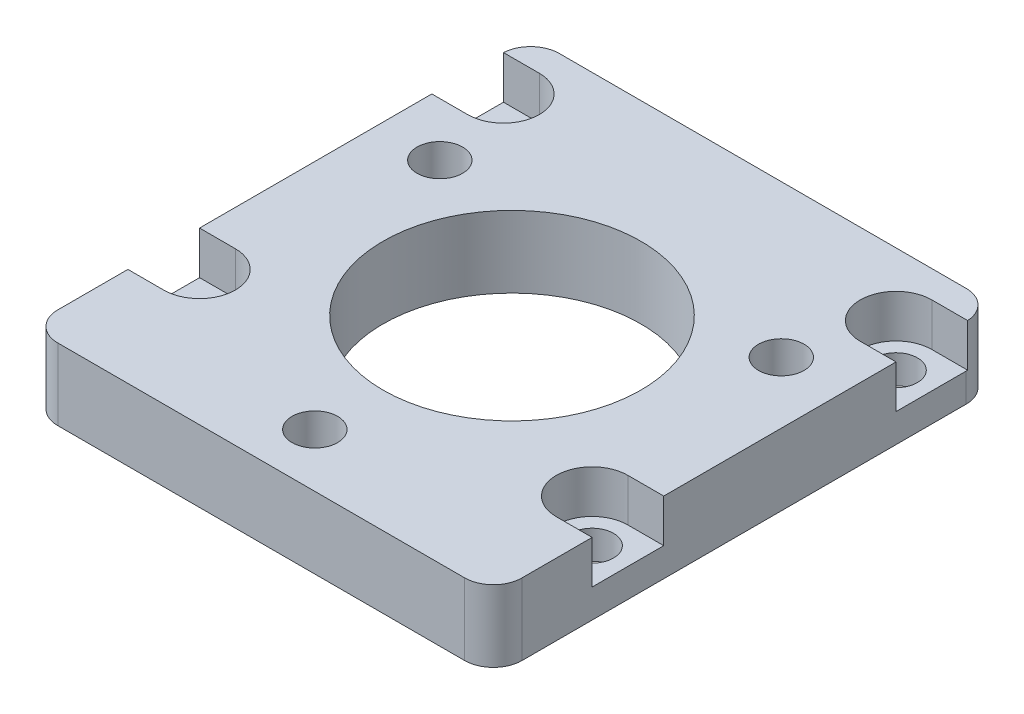
ISO-10303-21;
HEADER;
FILE_DESCRIPTION(('STEP AP214'),'2;1');
FILE_NAME('part.step','',(''),(''),'','','');
FILE_SCHEMA(('AUTOMOTIVE_DESIGN { 1 0 10303 214 1 1 1 1 }'));
ENDSEC;
DATA;
#1=APPLICATION_CONTEXT('core data for automotive mechanical design processes');
#2=APPLICATION_PROTOCOL_DEFINITION('international standard','automotive_design',2000,#1);
#3=PRODUCT_CONTEXT('',#1,'mechanical');
#4=PRODUCT('Part','Part','',(#3));
#5=PRODUCT_RELATED_PRODUCT_CATEGORY('part','',(#4));
#6=PRODUCT_DEFINITION_FORMATION('','',#4);
#7=PRODUCT_DEFINITION_CONTEXT('part definition',#1,'design');
#8=PRODUCT_DEFINITION('design','',#6,#7);
#9=PRODUCT_DEFINITION_SHAPE('','',#8);
#10=(LENGTH_UNIT() NAMED_UNIT(*) SI_UNIT(.MILLI.,.METRE.));
#11=(NAMED_UNIT(*) PLANE_ANGLE_UNIT() SI_UNIT($,.RADIAN.));
#12=(NAMED_UNIT(*) SI_UNIT($,.STERADIAN.) SOLID_ANGLE_UNIT());
#13=UNCERTAINTY_MEASURE_WITH_UNIT(LENGTH_MEASURE(1.E-05),#10,'distance_accuracy_value','');
#14=(GEOMETRIC_REPRESENTATION_CONTEXT(3) GLOBAL_UNCERTAINTY_ASSIGNED_CONTEXT((#13)) GLOBAL_UNIT_ASSIGNED_CONTEXT((#10,
#11,#12)) REPRESENTATION_CONTEXT('',''));
#15=CARTESIAN_POINT('',(0.,0.,0.));
#16=DIRECTION('',(0.,0.,1.));
#17=DIRECTION('',(1.,0.,0.));
#18=AXIS2_PLACEMENT_3D('',#15,#16,#17);
#19=CARTESIAN_POINT('',(-17.399,6.35,10.2953840772073));
#20=DIRECTION('',(0.,1.,0.));
#21=DIRECTION('',(0.,0.,1.));
#22=AXIS2_PLACEMENT_3D('',#19,#20,#21);
#23=CYLINDRICAL_SURFACE('',#22,1.89865);
#24=CARTESIAN_POINT('',(-17.399,0.,10.2953840772073));
#25=DIRECTION('',(0.,1.,0.));
#26=DIRECTION('',(0.,0.,1.));
#27=AXIS2_PLACEMENT_3D('',#24,#25,#26);
#28=CIRCLE('',#27,1.89865);
#29=CARTESIAN_POINT('',(-17.399,0.,12.1940340772073));
#30=VERTEX_POINT('',#29);
#31=EDGE_CURVE('E352',#30,#30,#28,.T.);
#32=ORIENTED_EDGE('',*,*,#31,.F.);
#33=EDGE_LOOP('',(#32));
#34=FACE_BOUND('',#33,.T.);
#35=CARTESIAN_POINT('',(-17.399,2.54,10.2953840772073));
#36=DIRECTION('',(0.,1.,0.));
#37=DIRECTION('',(0.,0.,1.));
#38=AXIS2_PLACEMENT_3D('',#35,#36,#37);
#39=CIRCLE('',#38,1.89865);
#40=CARTESIAN_POINT('',(-17.399,2.54,12.1940340772073));
#41=VERTEX_POINT('',#40);
#42=EDGE_CURVE('E328',#41,#41,#39,.F.);
#43=ORIENTED_EDGE('',*,*,#42,.F.);
#44=EDGE_LOOP('',(#43));
#45=FACE_BOUND('',#44,.T.);
#46=ADVANCED_FACE('F42',(#34,#45),#23,.F.);
#47=CARTESIAN_POINT('',(17.399,6.35,-16.645384286));
#48=DIRECTION('',(0.,1.,0.));
#49=DIRECTION('',(0.,0.,1.));
#50=AXIS2_PLACEMENT_3D('',#47,#48,#49);
#51=CYLINDRICAL_SURFACE('',#50,1.89865);
#52=CARTESIAN_POINT('',(17.399,0.,-16.645384286));
#53=DIRECTION('',(0.,1.,0.));
#54=DIRECTION('',(0.,0.,1.));
#55=AXIS2_PLACEMENT_3D('',#52,#53,#54);
#56=CIRCLE('',#55,1.89865);
#57=CARTESIAN_POINT('',(17.399,0.,-14.746734286));
#58=VERTEX_POINT('',#57);
#59=EDGE_CURVE('E346',#58,#58,#56,.T.);
#60=ORIENTED_EDGE('',*,*,#59,.F.);
#61=EDGE_LOOP('',(#60));
#62=FACE_BOUND('',#61,.T.);
#63=CARTESIAN_POINT('',(17.399,2.54,-16.645384286));
#64=DIRECTION('',(0.,1.,0.));
#65=DIRECTION('',(0.,0.,1.));
#66=AXIS2_PLACEMENT_3D('',#63,#64,#65);
#67=CIRCLE('',#66,1.89865);
#68=CARTESIAN_POINT('',(17.399,2.54,-14.746734286));
#69=VERTEX_POINT('',#68);
#70=EDGE_CURVE('E319',#69,#69,#67,.F.);
#71=ORIENTED_EDGE('',*,*,#70,.F.);
#72=EDGE_LOOP('',(#71));
#73=FACE_BOUND('',#72,.T.);
#74=ADVANCED_FACE('F505',(#62,#73),#51,.F.);
#75=CARTESIAN_POINT('',(-20.574,6.35,22.225));
#76=DIRECTION('',(1.,0.,0.));
#77=DIRECTION('',(0.,0.,-1.));
#78=AXIS2_PLACEMENT_3D('',#75,#76,#77);
#79=PLANE('',#78);
#80=DIRECTION('',(0.,0.,1.));
#81=VECTOR('',#80,1.);
#82=CARTESIAN_POINT('',(-20.574,6.35,22.225));
#83=LINE('',#82,#81);
#84=CARTESIAN_POINT('',(-20.574,6.35,13.470384286));
#85=VERTEX_POINT('',#84);
#86=CARTESIAN_POINT('',(-20.574,6.35,19.685));
#87=VERTEX_POINT('',#86);
#88=EDGE_CURVE('E362',#85,#87,#83,.T.);
#89=ORIENTED_EDGE('',*,*,#88,.F.);
#90=DIRECTION('',(0.,1.,0.));
#91=VECTOR('',#90,1.);
#92=CARTESIAN_POINT('',(-20.574,2.54,13.470384286));
#93=LINE('',#92,#91);
#94=CARTESIAN_POINT('',(-20.574,2.54,13.470384286));
#95=VERTEX_POINT('',#94);
#96=EDGE_CURVE('E287',#95,#85,#93,.T.);
#97=ORIENTED_EDGE('',*,*,#96,.F.);
#98=DIRECTION('',(0.,0.,1.));
#99=VECTOR('',#98,1.);
#100=CARTESIAN_POINT('',(-20.574,2.54,7.120384286));
#101=LINE('',#100,#99);
#102=CARTESIAN_POINT('',(-20.574,2.54,7.120384286));
#103=VERTEX_POINT('',#102);
#104=EDGE_CURVE('E275',#103,#95,#101,.T.);
#105=ORIENTED_EDGE('',*,*,#104,.F.);
#106=DIRECTION('',(0.,1.,0.));
#107=VECTOR('',#106,1.);
#108=CARTESIAN_POINT('',(-20.574,2.54,7.120384286));
#109=LINE('',#108,#107);
#110=CARTESIAN_POINT('',(-20.574,6.35,7.120384286));
#111=VERTEX_POINT('',#110);
#112=EDGE_CURVE('E289',#103,#111,#109,.T.);
#113=ORIENTED_EDGE('',*,*,#112,.T.);
#114=CARTESIAN_POINT('',(-20.574,6.35,-13.470384286));
#115=VERTEX_POINT('',#114);
#116=EDGE_CURVE('E364',#115,#111,#83,.T.);
#117=ORIENTED_EDGE('',*,*,#116,.F.);
#118=DIRECTION('',(0.,1.,0.));
#119=VECTOR('',#118,1.);
#120=CARTESIAN_POINT('',(-20.574,2.54,-13.470384286));
#121=LINE('',#120,#119);
#122=CARTESIAN_POINT('',(-20.574,2.54,-13.470384286));
#123=VERTEX_POINT('',#122);
#124=EDGE_CURVE('E314',#123,#115,#121,.T.);
#125=ORIENTED_EDGE('',*,*,#124,.F.);
#126=DIRECTION('',(0.,0.,1.));
#127=VECTOR('',#126,1.);
#128=CARTESIAN_POINT('',(-20.574,2.54,-13.470384286));
#129=LINE('',#128,#127);
#130=CARTESIAN_POINT('',(-20.574,2.54,-19.685));
#131=VERTEX_POINT('',#130);
#132=EDGE_CURVE('E299',#131,#123,#129,.T.);
#133=ORIENTED_EDGE('',*,*,#132,.F.);
#134=DIRECTION('',(0.,-1.,0.));
#135=VECTOR('',#134,1.);
#136=CARTESIAN_POINT('',(-20.574,6.35,-19.685));
#137=LINE('',#136,#135);
#138=CARTESIAN_POINT('',(-20.574,0.,-19.685));
#139=VERTEX_POINT('',#138);
#140=EDGE_CURVE('E389',#131,#139,#137,.T.);
#141=ORIENTED_EDGE('',*,*,#140,.T.);
#142=DIRECTION('',(0.,0.,1.));
#143=VECTOR('',#142,1.);
#144=CARTESIAN_POINT('',(-20.574,0.,22.225));
#145=LINE('',#144,#143);
#146=CARTESIAN_POINT('',(-20.574,0.,19.685));
#147=VERTEX_POINT('',#146);
#148=EDGE_CURVE('E359',#139,#147,#145,.T.);
#149=ORIENTED_EDGE('',*,*,#148,.T.);
#150=DIRECTION('',(0.,-1.,0.));
#151=VECTOR('',#150,1.);
#152=CARTESIAN_POINT('',(-20.574,6.35,19.685));
#153=LINE('',#152,#151);
#154=EDGE_CURVE('E376',#147,#87,#153,.F.);
#155=ORIENTED_EDGE('',*,*,#154,.T.);
#156=EDGE_LOOP('',(#89,#97,#105,#113,#117,#125,#133,#141,#149,#155));
#157=FACE_BOUND('',#156,.T.);
#158=ADVANCED_FACE('F474',(#157),#79,.F.);
#159=CARTESIAN_POINT('',(20.574,6.35,22.225));
#160=DIRECTION('',(0.,0.,-1.));
#161=DIRECTION('',(-1.,0.,0.));
#162=AXIS2_PLACEMENT_3D('',#159,#160,#161);
#163=PLANE('',#162);
#164=DIRECTION('',(1.,0.,0.));
#165=VECTOR('',#164,1.);
#166=CARTESIAN_POINT('',(20.574,0.,22.225));
#167=LINE('',#166,#165);
#168=CARTESIAN_POINT('',(-18.034,0.,22.225));
#169=VERTEX_POINT('',#168);
#170=CARTESIAN_POINT('',(18.034,0.,22.225));
#171=VERTEX_POINT('',#170);
#172=EDGE_CURVE('E379',#169,#171,#167,.T.);
#173=ORIENTED_EDGE('',*,*,#172,.T.);
#174=DIRECTION('',(0.,-1.,0.));
#175=VECTOR('',#174,1.);
#176=CARTESIAN_POINT('',(18.034,6.35,22.225));
#177=LINE('',#176,#175);
#178=CARTESIAN_POINT('',(18.034,6.35,22.225));
#179=VERTEX_POINT('',#178);
#180=EDGE_CURVE('E422',#171,#179,#177,.F.);
#181=ORIENTED_EDGE('',*,*,#180,.T.);
#182=DIRECTION('',(1.,0.,0.));
#183=VECTOR('',#182,1.);
#184=CARTESIAN_POINT('',(20.574,6.35,22.225));
#185=LINE('',#184,#183);
#186=CARTESIAN_POINT('',(-18.034,6.35,22.225));
#187=VERTEX_POINT('',#186);
#188=EDGE_CURVE('E366',#187,#179,#185,.T.);
#189=ORIENTED_EDGE('',*,*,#188,.F.);
#190=DIRECTION('',(0.,-1.,0.));
#191=VECTOR('',#190,1.);
#192=CARTESIAN_POINT('',(-18.034,6.35,22.225));
#193=LINE('',#192,#191);
#194=EDGE_CURVE('E419',#187,#169,#193,.T.);
#195=ORIENTED_EDGE('',*,*,#194,.T.);
#196=EDGE_LOOP('',(#173,#181,#189,#195));
#197=FACE_BOUND('',#196,.T.);
#198=ADVANCED_FACE('F532',(#197),#163,.F.);
#199=CARTESIAN_POINT('',(20.574,6.35,22.225));
#200=DIRECTION('',(-1.,0.,0.));
#201=DIRECTION('',(0.,0.,1.));
#202=AXIS2_PLACEMENT_3D('',#199,#200,#201);
#203=PLANE('',#202);
#204=DIRECTION('',(0.,0.,-1.));
#205=VECTOR('',#204,1.);
#206=CARTESIAN_POINT('',(20.574,6.35,22.225));
#207=LINE('',#206,#205);
#208=CARTESIAN_POINT('',(20.574,6.35,7.120384286));
#209=VERTEX_POINT('',#208);
#210=CARTESIAN_POINT('',(20.574,6.35,-13.470384286));
#211=VERTEX_POINT('',#210);
#212=EDGE_CURVE('E369',#209,#211,#207,.T.);
#213=ORIENTED_EDGE('',*,*,#212,.F.);
#214=DIRECTION('',(0.,1.,0.));
#215=VECTOR('',#214,1.);
#216=CARTESIAN_POINT('',(20.574,2.54,7.120384286));
#217=LINE('',#216,#215);
#218=CARTESIAN_POINT('',(20.574,2.54,7.120384286));
#219=VERTEX_POINT('',#218);
#220=EDGE_CURVE('E262',#219,#209,#217,.T.);
#221=ORIENTED_EDGE('',*,*,#220,.F.);
#222=DIRECTION('',(0.,0.,-1.));
#223=VECTOR('',#222,1.);
#224=CARTESIAN_POINT('',(20.574,2.54,7.120384286));
#225=LINE('',#224,#223);
#226=CARTESIAN_POINT('',(20.574,2.54,13.470384286));
#227=VERTEX_POINT('',#226);
#228=EDGE_CURVE('E249',#227,#219,#225,.T.);
#229=ORIENTED_EDGE('',*,*,#228,.F.);
#230=DIRECTION('',(0.,1.,0.));
#231=VECTOR('',#230,1.);
#232=CARTESIAN_POINT('',(20.574,2.54,13.470384286));
#233=LINE('',#232,#231);
#234=CARTESIAN_POINT('',(20.574,6.35,13.470384286));
#235=VERTEX_POINT('',#234);
#236=EDGE_CURVE('E264',#227,#235,#233,.T.);
#237=ORIENTED_EDGE('',*,*,#236,.T.);
#238=CARTESIAN_POINT('',(20.574,6.35,19.685));
#239=VERTEX_POINT('',#238);
#240=EDGE_CURVE('E370',#239,#235,#207,.T.);
#241=ORIENTED_EDGE('',*,*,#240,.F.);
#242=DIRECTION('',(0.,-1.,0.));
#243=VECTOR('',#242,1.);
#244=CARTESIAN_POINT('',(20.574,6.35,19.685));
#245=LINE('',#244,#243);
#246=CARTESIAN_POINT('',(20.574,0.,19.685));
#247=VERTEX_POINT('',#246);
#248=EDGE_CURVE('E413',#239,#247,#245,.T.);
#249=ORIENTED_EDGE('',*,*,#248,.T.);
#250=DIRECTION('',(0.,0.,-1.));
#251=VECTOR('',#250,1.);
#252=CARTESIAN_POINT('',(20.574,0.,22.225));
#253=LINE('',#252,#251);
#254=CARTESIAN_POINT('',(20.574,0.,-19.685));
#255=VERTEX_POINT('',#254);
#256=EDGE_CURVE('E382',#247,#255,#253,.T.);
#257=ORIENTED_EDGE('',*,*,#256,.T.);
#258=DIRECTION('',(0.,-1.,0.));
#259=VECTOR('',#258,1.);
#260=CARTESIAN_POINT('',(20.574,6.35,-19.685));
#261=LINE('',#260,#259);
#262=CARTESIAN_POINT('',(20.574,2.54,-19.685));
#263=VERTEX_POINT('',#262);
#264=EDGE_CURVE('E416',#255,#263,#261,.F.);
#265=ORIENTED_EDGE('',*,*,#264,.T.);
#266=DIRECTION('',(0.,0.,-1.));
#267=VECTOR('',#266,1.);
#268=CARTESIAN_POINT('',(20.574,2.54,-13.470384286));
#269=LINE('',#268,#267);
#270=CARTESIAN_POINT('',(20.574,2.54,-13.470384286));
#271=VERTEX_POINT('',#270);
#272=EDGE_CURVE('E222',#271,#263,#269,.T.);
#273=ORIENTED_EDGE('',*,*,#272,.F.);
#274=DIRECTION('',(0.,1.,0.));
#275=VECTOR('',#274,1.);
#276=CARTESIAN_POINT('',(20.574,2.54,-13.470384286));
#277=LINE('',#276,#275);
#278=EDGE_CURVE('E213',#271,#211,#277,.T.);
#279=ORIENTED_EDGE('',*,*,#278,.T.);
#280=EDGE_LOOP('',(#213,#221,#229,#237,#241,#249,#257,#265,#273,#279));
#281=FACE_BOUND('',#280,.T.);
#282=ADVANCED_FACE('F529',(#281),#203,.F.);
#283=CARTESIAN_POINT('',(20.574,6.35,-22.225));
#284=DIRECTION('',(0.,0.,1.));
#285=DIRECTION('',(1.,0.,0.));
#286=AXIS2_PLACEMENT_3D('',#283,#284,#285);
#287=PLANE('',#286);
#288=DIRECTION('',(-1.,0.,0.));
#289=VECTOR('',#288,1.);
#290=CARTESIAN_POINT('',(20.574,0.,-22.225));
#291=LINE('',#290,#289);
#292=CARTESIAN_POINT('',(18.034,0.,-22.225));
#293=VERTEX_POINT('',#292);
#294=CARTESIAN_POINT('',(-18.034,0.,-22.225));
#295=VERTEX_POINT('',#294);
#296=EDGE_CURVE('E365',#293,#295,#291,.T.);
#297=ORIENTED_EDGE('',*,*,#296,.T.);
#298=DIRECTION('',(0.,-1.,0.));
#299=VECTOR('',#298,1.);
#300=CARTESIAN_POINT('',(-18.034,6.35,-22.225));
#301=LINE('',#300,#299);
#302=CARTESIAN_POINT('',(-18.034,6.35,-22.225));
#303=VERTEX_POINT('',#302);
#304=EDGE_CURVE('E402',#295,#303,#301,.F.);
#305=ORIENTED_EDGE('',*,*,#304,.T.);
#306=DIRECTION('',(-1.,0.,0.));
#307=VECTOR('',#306,1.);
#308=CARTESIAN_POINT('',(20.574,6.35,-22.225));
#309=LINE('',#308,#307);
#310=CARTESIAN_POINT('',(18.034,6.35,-22.225));
#311=VERTEX_POINT('',#310);
#312=EDGE_CURVE('E373',#311,#303,#309,.T.);
#313=ORIENTED_EDGE('',*,*,#312,.F.);
#314=DIRECTION('',(0.,-1.,0.));
#315=VECTOR('',#314,1.);
#316=CARTESIAN_POINT('',(18.034,6.35,-22.225));
#317=LINE('',#316,#315);
#318=EDGE_CURVE('E399',#311,#293,#317,.T.);
#319=ORIENTED_EDGE('',*,*,#318,.T.);
#320=EDGE_LOOP('',(#297,#305,#313,#319));
#321=FACE_BOUND('',#320,.T.);
#322=ADVANCED_FACE('F447',(#321),#287,.F.);
#323=CARTESIAN_POINT('',(0.,6.35,0.));
#324=DIRECTION('',(0.,1.,0.));
#325=DIRECTION('',(0.,0.,1.));
#326=AXIS2_PLACEMENT_3D('',#323,#324,#325);
#327=PLANE('',#326);
#328=DIRECTION('',(1.,0.,0.));
#329=VECTOR('',#328,1.);
#330=CARTESIAN_POINT('',(-20.574,6.35,13.470384286));
#331=LINE('',#330,#329);
#332=CARTESIAN_POINT('',(-17.399,6.35,13.470384286));
#333=VERTEX_POINT('',#332);
#334=EDGE_CURVE('E272',#85,#333,#331,.T.);
#335=ORIENTED_EDGE('',*,*,#334,.F.);
#336=ORIENTED_EDGE('',*,*,#88,.T.);
#337=CARTESIAN_POINT('',(-18.034,6.35,19.685));
#338=DIRECTION('',(0.,1.,0.));
#339=DIRECTION('',(0.,0.,1.));
#340=AXIS2_PLACEMENT_3D('',#337,#338,#339);
#341=CIRCLE('',#340,2.54);
#342=EDGE_CURVE('E404',#87,#187,#341,.T.);
#343=ORIENTED_EDGE('',*,*,#342,.T.);
#344=ORIENTED_EDGE('',*,*,#188,.T.);
#345=CARTESIAN_POINT('',(18.034,6.35,19.685));
#346=DIRECTION('',(0.,1.,0.));
#347=DIRECTION('',(0.,0.,1.));
#348=AXIS2_PLACEMENT_3D('',#345,#346,#347);
#349=CIRCLE('',#348,2.54);
#350=EDGE_CURVE('E406',#179,#239,#349,.T.);
#351=ORIENTED_EDGE('',*,*,#350,.T.);
#352=ORIENTED_EDGE('',*,*,#240,.T.);
#353=DIRECTION('',(1.,0.,0.));
#354=VECTOR('',#353,1.);
#355=CARTESIAN_POINT('',(20.574,6.35,13.470384286));
#356=LINE('',#355,#354);
#357=CARTESIAN_POINT('',(17.399,6.35,13.470384286));
#358=VERTEX_POINT('',#357);
#359=EDGE_CURVE('E256',#358,#235,#356,.T.);
#360=ORIENTED_EDGE('',*,*,#359,.F.);
#361=CARTESIAN_POINT('',(17.399,6.35,10.295384286));
#362=DIRECTION('',(0.,1.,0.));
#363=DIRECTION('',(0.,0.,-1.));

Task directions: Lines from the start of the material through the line containing "#16=DIRECTION('',(0.,0.,1.));" are to be restated word for word; no picture may be included.

Exercise response:
ISO-10303-21;
HEADER;
FILE_DESCRIPTION(('STEP AP214'),'2;1');
FILE_NAME('part.step','',(''),(''),'','','');
FILE_SCHEMA(('AUTOMOTIVE_DESIGN { 1 0 10303 214 1 1 1 1 }'));
ENDSEC;
DATA;
#1=APPLICATION_CONTEXT('core data for automotive mechanical design processes');
#2=APPLICATION_PROTOCOL_DEFINITION('international standard','automotive_design',2000,#1);
#3=PRODUCT_CONTEXT('',#1,'mechanical');
#4=PRODUCT('Part','Part','',(#3));
#5=PRODUCT_RELATED_PRODUCT_CATEGORY('part','',(#4));
#6=PRODUCT_DEFINITION_FORMATION('','',#4);
#7=PRODUCT_DEFINITION_CONTEXT('part definition',#1,'design');
#8=PRODUCT_DEFINITION('design','',#6,#7);
#9=PRODUCT_DEFINITION_SHAPE('','',#8);
#10=(LENGTH_UNIT() NAMED_UNIT(*) SI_UNIT(.MILLI.,.METRE.));
#11=(NAMED_UNIT(*) PLANE_ANGLE_UNIT() SI_UNIT($,.RADIAN.));
#12=(NAMED_UNIT(*) SI_UNIT($,.STERADIAN.) SOLID_ANGLE_UNIT());
#13=UNCERTAINTY_MEASURE_WITH_UNIT(LENGTH_MEASURE(1.E-05),#10,'distance_accuracy_value','');
#14=(GEOMETRIC_REPRESENTATION_CONTEXT(3) GLOBAL_UNCERTAINTY_ASSIGNED_CONTEXT((#13)) GLOBAL_UNIT_ASSIGNED_CONTEXT((#10,
#11,#12)) REPRESENTATION_CONTEXT('',''));
#15=CARTESIAN_POINT('',(0.,0.,0.));
#16=DIRECTION('',(0.,0.,1.));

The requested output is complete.